# Besoin d'aide(Need help)



## AlexGallant (19 Feb 2014)

Je suis présentement en 10 ieme et je dois choisir mes cours et je veux aller comme Officier du Génie. J'ai vue que javais besoin d'un Bac mais dois-je absolument lavoir en génie civil ?.Merci et J'attend vos réponse avec impatience


----------



## AlexGallant (19 Feb 2014)

Post it translated just find out there a french forum...But my question is im in grade 10 I need do my choiche of course and I want to go as Engineer Officier should i go as Engineer in university or i can go for what i want in University and apply thanks for your help


----------



## AlexGallant (19 Feb 2014)

Anyone know ?


----------



## armyvern (19 Feb 2014)

Are you asking _wha_t degree are acceptable to become an Engineering Officer?


----------



## armyvern (19 Feb 2014)

http://forces.ca/fr/jobcategory/2


----------



## AlexGallant (19 Feb 2014)

I want too know if i Need a Engineer Degree at University to be Engineer Officier


----------



## armyvern (19 Feb 2014)

If you visit the link that I gave you, and see what specific type of Engineering Officer you would like to be (there are a few), it gives more specifics in their job descriptions/education requirements. But yes, you need a degree to be an officer.

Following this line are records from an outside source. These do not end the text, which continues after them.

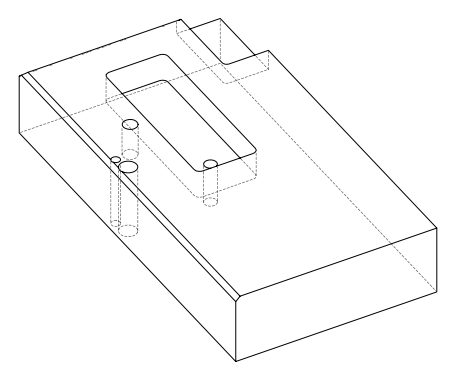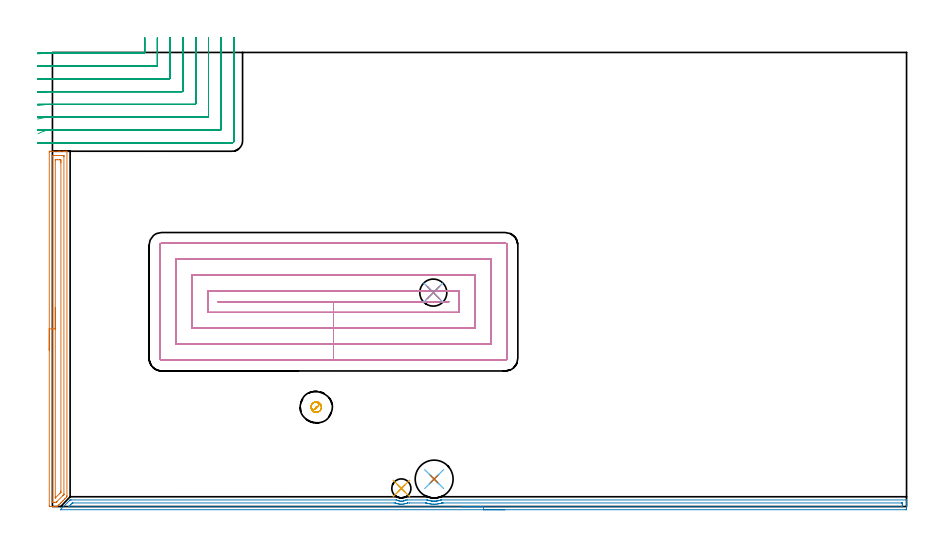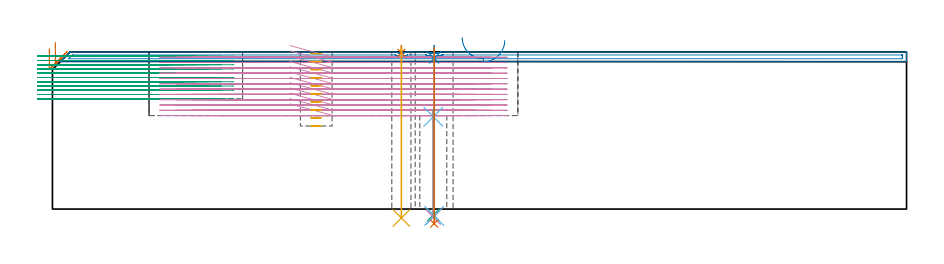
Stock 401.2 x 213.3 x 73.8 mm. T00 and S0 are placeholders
(PLAN: 13 operations, 8 tool changes, 73.1 min)
(1 AREA_MILL | FG_CHAMFER_SURFACE | UGT0205_001 | 4.21 min | 5926 mm3)
(2 AREA_MILL_1 | FG_CHAMFER_SURFACE_1 | UGT0205_001 | 6.51 min | 4175 mm3)
(3 MILL_CORNER_NOTCH_RECTANGULAR | CORNER_NOTCH_RECTANGULAR | NXT0201_009 | Follow Part, ap 2, ae 75% | 19.62 min | 90881 mm3)
(4 MILL_RECTANGULAR_POCKET | POCKET_RECTANGULAR_STRAIGHT | NXT0201_013 | Follow Part, ap 2.5, ae 75% | 40.16 min | 335788 mm3)
(5 MILL_BLIND_HOLE_FROM_SOLID_MATERIAL | STEP1POCKET | NXT0201_013 | Spiral | 1.07 min | 6063 mm3)
(6 SPOT_DRILL | STEP1HOLE | NXT0321_9005460120000 | 0.04 min | 1 mm3)
(7 SPOT_DRILL_1 | STEP1HOLE_1 | NXT0321_9005460120000 | 0.03 min | 22 mm3)
(8 SPOT_DRILL_2 | STEP1HOLE_2 | NXT0321_9005460120000 | 0.05 min | 219 mm3)
(9 DRILL_THROUGH_HOLE_INTO_CENTER | STEP1HOLE | NXT0301_042 | 0.2 min | 1710 mm3)
(10 DRILL_TO_ENLARGE_THROUGH_HOLE | STEP1HOLE | NXT0301_098 | 0.21 min | 3838 mm3)
(11 DRILL_THROUGH_HOLE_INTO_CENTER_1 | STEP1HOLE_1 | UGT0301_485 | 0.32 min | 4660 mm3)
(12 DRILL_THROUGH_HOLE_INTO_CENTER_2 | STEP1HOLE_2 | NXT0301_065 | 0.32 min | 4952 mm3)
(13 DRILL_TO_ENLARGE_THROUGH_HOLE_1 | STEP1HOLE_2 | UGT0301_248 | 0.33 min | 13182 mm3)
(TOOL UGT0205_001 | Chamfer Mill 20 x 3 x 45 deg. | D20 FL50 Z2)
(TOOL NXT0201_009 | ENDMILL 8mm [2P460-0800-NA 1630] | D8 FL26 Z6)
(TOOL NXT0201_013 | ENDMILL 10mm | D10 FL30 Z4)
(TOOL NXT0321_9005460120000 | NC Spot Drill, 142deg, 12mm, Carbide, Uncoated | D12 PA142 FL30 Z2)
(TOOL NXT0301_042 | Carbide Drill 7.1mm [860.1-0710-057A1-MM 2214] | D7.1 PA140 FL85 Z2)
(TOOL NXT0301_098 | Carbide Drill 12.7mm [860.1-1270-038A1-MM 2214] | D12.7 PA140 FL60 Z2)
(TOOL UGT0301_485 | Carbide Drill 9.0 mm | D9 PA118 FL81 Z2)
(TOOL NXT0301_065 | Carbide Drill 9.4mm [860.1-0940-075A1-MM 2214] | D9.4 PA140 FL98 Z2)
(TOOL UGT0301_248 | Twist Drill 17.8 mm | D17.8 PA118 FL130 Z2)
(OP 1 AREA_MILL)
G17 G21 G94 G90
T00 M6
G54
G17 G0 G90 X-1.5 Y73.45 S1061 M3
G43 Z83.8 H0
Z75.5
G94 G1 Y73.488 Z74.628 F250.
Y73.602 Z73.764
Y73.791 Z72.912
Y74.053 Z72.08
Y74.387 Z71.274
Y74.79 Z70.5
Y75.258 Z69.764
Y75.79 Z69.072
Y76.379 Z68.429
Y77.022 Z67.84
Y77.714 Z67.309
Y78.45 Z66.84
Y79.224 Z66.437
Y80.03 Z66.103
Y80.862 Z65.841
Y81.714 Z65.652
Y82.578 Z65.538
Y83.45 Z65.5
Y166.315
X-1.498 Y166.898 Z65.499
X-0.914 Y166.9 Z66.082
X0.283 Z67.279
X2.65 Z69.645
X3.261 Z70.259
X3.541 Z70.538
X5.323 Z72.318
X5.883 Z72.882
X6.432 Z73.431
X6.758 Y166.893 Z73.75
X6.797 Y166.89 Z73.788
X6.8 Y166.76 Z73.8
Y5.04
X6.799 Y4.605 Z73.786
X6.683 Y4.482 Z73.681
X5.904 Y3.704 Z72.904
X5.62 Y3.418 Z72.615
X5.013 Y2.813 Z72.013
X4.729 Y2.527 Z71.724
X4.122 Y1.922 Z71.122
X3.838 Y1.636 Z70.833
X3.231 Y1.031 Z70.231
X2.947 Y0.744 Z69.942
X2.787 Y0.585 Z69.784
X2.65 Y0.449 Z69.649
X2.34 Y0.14 Z69.339
X2.204 Y0.006 Z69.203
X2.201 Y0.004 Z69.199
X1.925 Y0. Z68.924
X1.199 Z68.199
X0.536 Z67.536
X-0.023 Z66.973
X-0.303 Z66.694
X-0.914 Z66.083
X-1.194 Z65.804
X-1.491 Y0.002 Z65.505
X-1.5 Y0.433 Z65.5
Y83.45
X-0.086 Z66.914
X-0.085 Y164.658 Z66.915
X-0.083 Y164.783 Z66.917
X-0.079 Y164.865 Z66.921
X-0.075 Y164.892 Z66.925
X-0.068 Y164.893 Z66.932
X-0.023 Y164.896 Z66.977
X0.501 Y164.9 Z67.501
X4.432 Z71.432
X4.957 Y164.898 Z71.957
X5.323 Y164.892 Z72.323
X5.369 Y164.89 Z72.369
X5.379 Y164.72 Z72.379
X5.384 Y164.595 Z72.384
X5.385 Y164.533 Z72.385
Y5.869
X5.384 Y5.806 Z72.384
X5.379 Y5.682 Z72.379
X5.373 Y5.634 Z72.373
X5.36 Y5.617 Z72.36
X5.323 Y5.576 Z72.323
X5.057 Y5.307 Z72.057
X4.791 Y5.04 Z71.791
X2.117 Y2.367 Z69.117
X1.936 Y2.19 Z68.936
X1.759 Y2.018 Z68.759
X1.231 Y2.004 Z68.231
X0.868 Y2.002 Z67.868
X0.343 Z67.343
X-0.023 Y2.008 Z66.977
X-0.069 Y2.01 Z66.931
X-0.079 Y2.18 Z66.921
X-0.084 Y2.305 Z66.916
X-0.085 Y2.367 Z66.915
X-0.086 Y83.45 Z66.914
X1.328 Z68.328
X1.329 Y162.751 Z68.329
X1.33 Y162.858 Z68.33
X1.332 Y162.883 Z68.332
X1.334 Y162.889 Z68.334
X1.361 Y162.893 Z68.361
X1.46 Y162.898 Z68.46
X1.61 Y162.9 Z68.61
X2.501 Z69.501
X3.392 Z70.392
X3.541 Y162.898 Z70.541
X3.69 Y162.895 Z70.69
X3.965 Y162.884 Z70.965
X3.967 Y162.751 Z70.967
X3.97 Y162.321 Z70.97
X3.971 Y161.86 Z70.971
Y161.429
Y7.284
X3.967 Y6.822 Z70.967
X3.964 Y6.716 Z70.964
X3.958 Y6.669 Z70.958
X3.926 Y6.633 Z70.926
X3.831 Y6.533 Z70.831
X3.541 Y6.24 Z70.541
X3.387 Y6.086 Z70.387
X1.605 Y4.304 Z68.605
X1.45 Y4.149 Z68.45
X1.406 Y4.109 Z68.406
X1.374 Y4.083 Z68.374
X1.335 Y4.057 Z68.335
X1.331 Y4.104 Z68.331
X1.33 Y4.149 Z68.33
X1.329 Y4.254 Z68.329
X1.328 Y4.58 Z68.328
Y83.45
Y84.322 Z68.367
Y85.186 Z68.48
Y86.038 Z68.669
Y86.87 Z68.932
Y87.676 Z69.265
Y88.45 Z69.668
Y89.186 Z70.137
Y89.878 Z70.668
Y90.521 Z71.257
Y91.11 Z71.901
Y91.642 Z72.593
Y92.11 Z73.328
Y92.513 Z74.102
Y92.847 Z74.908
Y93.109 Z75.74
Y93.298 Z76.592
Y93.412 Z77.457
Y93.45 Z78.328
G0 Z83.8
M5
M2
(OP 2 AREA_MILL_1)
G17 G21 G94 G90
T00 M6
G54
G17 G0 G90 X212.45 Y-1.5 S1061 M3
G43 Z83.8 H0
Z79.2
G94 G1 X212.412 Z78.328 F250.
X212.298 Z77.464
X212.109 Z76.612
X211.847 Z75.78
X211.513 Z74.974
X211.11 Z74.2
X210.641 Z73.464
X210.11 Z72.772
X209.521 Z72.129
X208.878 Z71.54
X208.186 Z71.008
X207.45 Z70.54
X206.676 Z70.137
X205.87 Z69.803
X205.038 Z69.541
X204.186 Z69.352
X203.321 Z69.238
X202.45 Z69.2
X3.86 Y-1.499 Z69.201
X3.819 Y-1.498 Z69.202
X3.713 Y-1.491 Z69.205
X3.784 Y-1.417 Z69.281
X3.86 Y-1.339 Z69.359
X4.943 Y-0.256 Z70.443
X6.091 Y0.892 Z71.591
X6.984 Y1.784 Z72.484
X8.244 Y3.044 Z73.744
X8.295 Y3.093 Z73.793
X8.769 Y3.1 Z73.8
X161.393
X161.651 Y3.101 Z73.782
X161.976 Y2.949 Z73.644
X162.213 Y2.84 Z73.538
X162.667 Y2.684 Z73.382
X162.787 Y2.657 Z73.353
X163.111 Y2.581 Z73.279
X163.561 Y2.523 Z73.221
X163.843 Y2.518 Z73.208
X164.008 Y2.513 Z73.207
X164.069 Y2.518 Z73.211
X164.455 Y2.544 Z73.242
X164.904 Y2.627 Z73.322
X164.963 Y2.644 Z73.338
X165.22 Y2.716 Z73.409
X165.349 Y2.751 Z73.447
X165.463 Y2.795 Z73.493
X165.793 Y2.928 Z73.625
X165.856 Y2.958 Z73.654
X165.982 Y3.017 Z73.715
X166.139 Y3.099 Z73.784
X166.748 Y3.1 Z73.8
X175.674
X176.085 Y3.098 Z73.785
X176.304 Y3.022 Z73.722
X176.522 Y2.95 Z73.648
X176.566 Y2.938 Z73.634
X176.883 Y2.843 Z73.542
X176.971 Y2.817 Z73.516
X177.3 Y2.737 Z73.436
X177.417 Y2.709 Z73.407
X177.865 Y2.624 Z73.321
X178.242 Y2.571 Z73.27
X178.311 Y2.563 Z73.259
X178.351 Y2.561 Z73.255
X178.759 Y2.523 Z73.219
X179.094 Y2.51 Z73.202
X179.244 Y2.511 Z73.199
X179.263
X179.406 Y2.51 Z73.2
X179.541 Y2.509 Z73.201
X179.653 Y2.513 Z73.206
X179.814 Y2.525 Z73.218
X180.1 Y2.547 Z73.239
X180.361 Y2.575 Z73.273
X180.423 Y2.583 Z73.279
X180.533 Y2.594 Z73.294
X180.547 Y2.595 Z73.295
X180.995 Y2.671 Z73.37
X181.132 Y2.702 Z73.401
X181.441 Y2.77 Z73.468
X181.818 Y2.874 Z73.571
X181.889 Y2.894 Z73.591
X181.921 Y2.904 Z73.602
X182.183 Y2.989 Z73.685
X182.335 Y3.04 Z73.73
X182.516 Y3.1 Z73.782
X182.814 Z73.8
X401.04
X401.19 Y3.097 Z73.788
X401.193 Y3.072 Z73.763
X401.2 Y2.722 Z73.421
Y2.324 Z73.024
Y1.687 Z72.382
Y0.481 Z71.178
Y-0.087 Z70.607
Y-0.69 Z70.005
X401.197 Y-0.974 Z69.721
X401.192 Y-1.491 Z69.205
X401.117 Y-1.494 Z69.203
X400.593 Y-1.5 Z69.2
X202.45
Y-0.086 Z70.614
X7.876
X7.656 Y-0.079 Z70.621
X7.587 Y-0.072 Z70.628
X7.603 Y-0.052 Z70.648
X7.627 Y-0.026 Z70.674
X7.719 Y0.069 Z70.769
X7.814 Y0.165 Z70.865
X8.449 Y0.8 Z71.5
X8.769 Y1.119 Z71.819
X9.055 Y1.402 Z72.102
X9.261 Y1.603 Z72.303
X9.335 Y1.673 Z72.373
X9.439 Y1.679 Z72.379
X9.662 Y1.686 Z72.386
X160.501
X160.947 Y1.679 Z72.379
X161.057 Y1.675 Z72.375
X161.186 Y1.628 Z72.328
X161.393 Y1.553 Z72.253
X161.601 Y1.481 Z72.181
X162.014 Y1.354 Z72.054
X162.286 Y1.29 Z71.99
X162.518 Y1.237 Z71.937
X162.784 Y1.192 Z71.892
X163.178 Y1.141 Z71.841
X163.341 Y1.123 Z71.823
X163.917 Y1.104 Z71.804
X164.071
X164.621 Y1.14 Z71.84
X164.963 Y1.182 Z71.882
X165.393 Y1.26 Z71.96
X165.856 Y1.377 Z72.077
X166.099 Y1.445 Z72.145
X166.748 Y1.683 Z72.383
X166.752
X167.641 Y1.686 Z72.386
X175.228 Y1.685 Z72.385
X175.451 Y1.684 Z72.384
X175.562 Y1.681 Z72.381
X175.616 Y1.679 Z72.379
X175.674 Y1.666 Z72.366
X175.701 Y1.659 Z72.359
X176.213 Y1.516 Z72.216
X176.566 Y1.427 Z72.127
X176.908 Y1.347 Z72.047
X177.459 Y1.245 Z71.945
X177.668 Y1.216 Z71.916
X178.172 Y1.155 Z71.855
X178.351 Y1.139 Z71.839
X178.939 Y1.102 Z71.802
X179.244 Y1.098 Z71.798
X179.827 Y1.108 Z71.808
X180.136 Y1.131 Z71.831
X180.646 Y1.181 Z71.881
X181.029 Y1.23 Z71.93
X181.422 Y1.296 Z71.996
X181.921 Y1.401 Z72.101
X182.154 Y1.455 Z72.155
X182.814 Y1.637 Z72.337
X182.854 Y1.647 Z72.347
X182.938 Y1.669 Z72.369
X183.039 Y1.679 Z72.379
X183.261 Y1.682 Z72.382
X183.707 Y1.686 Z72.386
X398.808
X399.031 Y1.683 Z72.383
X399.142 Y1.681 Z72.381
X399.188 Y1.679 Z72.379
X399.191 Y1.644 Z72.344
X399.195 Y1.546 Z72.246
X399.199 Y1.298 Z71.998
X399.2 Y0.8 Z71.5
X399.198 Y0.412 Z71.112
X399.191 Y0.022 Z70.722
X399.188 Y-0.079 Z70.621
X399.142 Y-0.081 Z70.619
X399.031 Y-0.084 Z70.616
X398.808 Y-0.086 Z70.614
X202.45
X201.578 Z70.652
X200.713 Z70.766
X199.862 Z70.955
X199.03 Z71.217
X198.224 Z71.551
X197.45 Z71.954
X196.714 Z72.423
X196.022 Z72.954
X195.379 Z73.543
X194.789 Z74.186
X194.258 Z74.878
X193.79 Z75.614
X193.387 Z76.388
X193.053 Z77.194
X192.791 Z78.026
X192.602 Z78.878
X192.488 Z79.743
X192.45 Z80.614
G0 Z83.8
M5
M2
(OP 3 MILL_CORNER_NOTCH_RECTANGULAR)
G17 G21 G94 G90
T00 M6
G54
G17 G0 G90 X-6.995 Y212.654 S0 M3
G43 Z83.8 H1
Z71.8
G94 G1 X-4. Y212.829 F250.
G2 X-1.558 Y212.9 R42. F500.
G1 X42.904
G3 X43.3 Y213.296 R0.4
G1 Y217.3
Y220.3 F250.
G0 Z83.8
X-6.993 Y206.614
Z71.8
G1 X-4. Y206.817
G2 X-1.558 Y206.9 R36. F500.
G1 X48.904
G3 X49.3 Y207.296 R0.4
G1 Y217.3
Y220.3 F250.
G0 Z83.8
X-6.99 Y200.556
Z71.8
G1 X-4. Y200.8
G2 X-1.558 Y200.9 R30. F500.
G1 X54.904
G3 X55.3 Y201.296 R0.4
G1 Y217.3
Y220.3 F250.
G0 Z83.8
X-6.984 Y194.47
Z71.8
G1 X-4. Y194.775
G2 X-1.558 Y194.9 R24. F500.
G1 X60.903
G3 X61.3 Y195.297 R0.4
G1 Y217.3
Y220.3 F250.
G0 Z83.8
X-6.972 Y188.327
Z71.8
G1 X-4. Y188.734
G2 X-1.558 Y188.9 R18. F500.
G1 X66.903
G3 X67.3 Y189.297 R0.4
G1 Y217.3
Y220.3 F250.
G0 Z83.8
X-6.937 Y182.038
Z71.8
G1 X-4. Y182.649
G2 X-1.558 Y182.9 R12. F500.
G1 X72.903
G3 X73.3 Y183.297 R0.4
G1 Y217.3
Y220.3 F250.
G0 Z83.8
X-6.74 Y175.159
Z71.8
G1 X-4. Y176.38
G2 X-1.558 Y176.9 R6. F500.
G1 X78.903
G3 X79.3 Y177.297 R0.4
G1 Y217.3
Y220.3 F250.
G0 Z83.8
X-4.558 Y170.9
Z71.8
G1 X-1.558
X84.4 F500.
G3 X85.3 Y171.8 R0.9
G1 Y217.3
Y220.3 F250.
G0 Z83.8
X-7. Y212.874
Z69.8
G1 X-4. Y212.899
G2 X-3.659 Y212.9 R42. F500.
G1 X42.904
G3 X43.3 Y213.296 R0.4
G1 Y217.3
Y220.3 F250.
G0 Z83.8
X-7. Y206.87
Z69.8
G1 X-4. Y206.898
G2 X-3.659 Y206.9 R36. F500.
G1 X48.904
G3 X49.3 Y207.296 R0.4
G1 Y217.3
Y220.3 F250.
G0 Z83.8
X-7. Y200.864
Z69.8
G1 X-4. Y200.898
G2 X-3.659 Y200.9 R30. F500.
G1 X54.904
G3 X55.3 Y201.296 R0.4
G1 Y217.3
Y220.3 F250.
G0 Z83.8
X-7. Y194.855
Z69.8
G1 X-4. Y194.898
G2 X-3.659 Y194.9 R24. F500.
G1 X60.903
G3 X61.3 Y195.297 R0.4
G1 Y217.3
Y220.3 F250.
G0 Z83.8
X-6.999 Y188.84
Z69.8
G1 X-4. Y188.897
G2 X-3.659 Y188.9 R18. F500.
G1 X66.903
G3 X67.3 Y189.297 R0.4
G1 Y217.3
Y220.3 F250.
G0 Z83.8
X-6.999 Y182.81
Z69.8
G1 X-4. Y182.895
G2 X-3.659 Y182.9 R12. F500.
G1 X72.903
G3 X73.3 Y183.297 R0.4
G1 Y217.3
Y220.3 F250.
G0 Z83.8
X-6.995 Y176.72
Z69.8
G1 X-4. Y176.89
G2 X-3.659 Y176.9 R6. F500.
G1 X78.903
G3 X79.3 Y177.297 R0.4
G1 Y217.3
Y220.3 F250.
G0 Z83.8
X-6.659 Y170.9
Z69.8
G1 X-3.659
X84.4 F500.
G3 X85.3 Y171.8 R0.9
G1 Y217.3
Y220.3 F250.
G0 Z83.8
X-7. Y212.9
Z67.8
G1 X-4.
X42.904 F500.
G3 X43.3 Y213.296 R0.4
G1 Y217.3
Y220.3 F250.
G0 Z83.8
X-7. Y206.9
Z67.8
G1 X-4.
X48.904 F500.
G3 X49.3 Y207.296 R0.4
G1 Y217.3
Y220.3 F250.
G0 Z83.8
X-7. Y200.9
Z67.8
G1 X-4.
X54.904 F500.
G3 X55.3 Y201.296 R0.4
G1 Y217.3
Y220.3 F250.
G0 Z83.8
X-7. Y194.9
Z67.8
G1 X-4.
X60.903 F500.
G3 X61.3 Y195.297 R0.4
G1 Y217.3
Y220.3 F250.
G0 Z83.8
X-7. Y188.9
Z67.8
G1 X-4.
X66.903 F500.
G3 X67.3 Y189.297 R0.4
G1 Y217.3
Y220.3 F250.
G0 Z83.8
X-7. Y182.9
Z67.8
G1 X-4.
X72.903 F500.
G3 X73.3 Y183.297 R0.4
G1 Y217.3
Y220.3 F250.
G0 Z83.8
X-7. Y176.9
Z67.8
G1 X-4.
X78.903 F500.
G3 X79.3 Y177.297 R0.4
G1 Y217.3
Y220.3 F250.
G0 Z83.8
X-7. Y170.9
Z67.8
G1 X-4.
X84.4 F500.
G3 X85.3 Y171.8 R0.9
G1 Y217.3
Y220.3 F250.
G0 Z83.8
X-7. Y212.9
Z65.8
G1 X-4.
X42.904 F500.
G3 X43.3 Y213.296 R0.4
G1 Y217.3
Y220.3 F250.
G0 Z83.8
X-7. Y206.9
Z65.8
G1 X-4.
X48.904 F500.
G3 X49.3 Y207.296 R0.4
G1 Y217.3
Y220.3 F250.
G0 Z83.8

There is a 1-800 # on the site as well that you could probably call to get better details depending upon what you actually want to be.


----------



## matthew1786 (20 Feb 2014)

If you are in grade 10 (sec IV), just make sure you are in high math, physics, and chemistry for sec V. This should be your immediate goal. For Engineer Officer, I believe that the most _favorable_ Engineering degrees are Mechanical, Electrical, and Civil.


----------



## AlexGallant (20 Feb 2014)

I will go whit High Math Physic and chemistry should i take welding or something manual ?


----------



## KerryBlue (20 Feb 2014)

AlexGallant said:
			
		

> I will go whit High Math Physic and chemistry should i take welding or something manual ?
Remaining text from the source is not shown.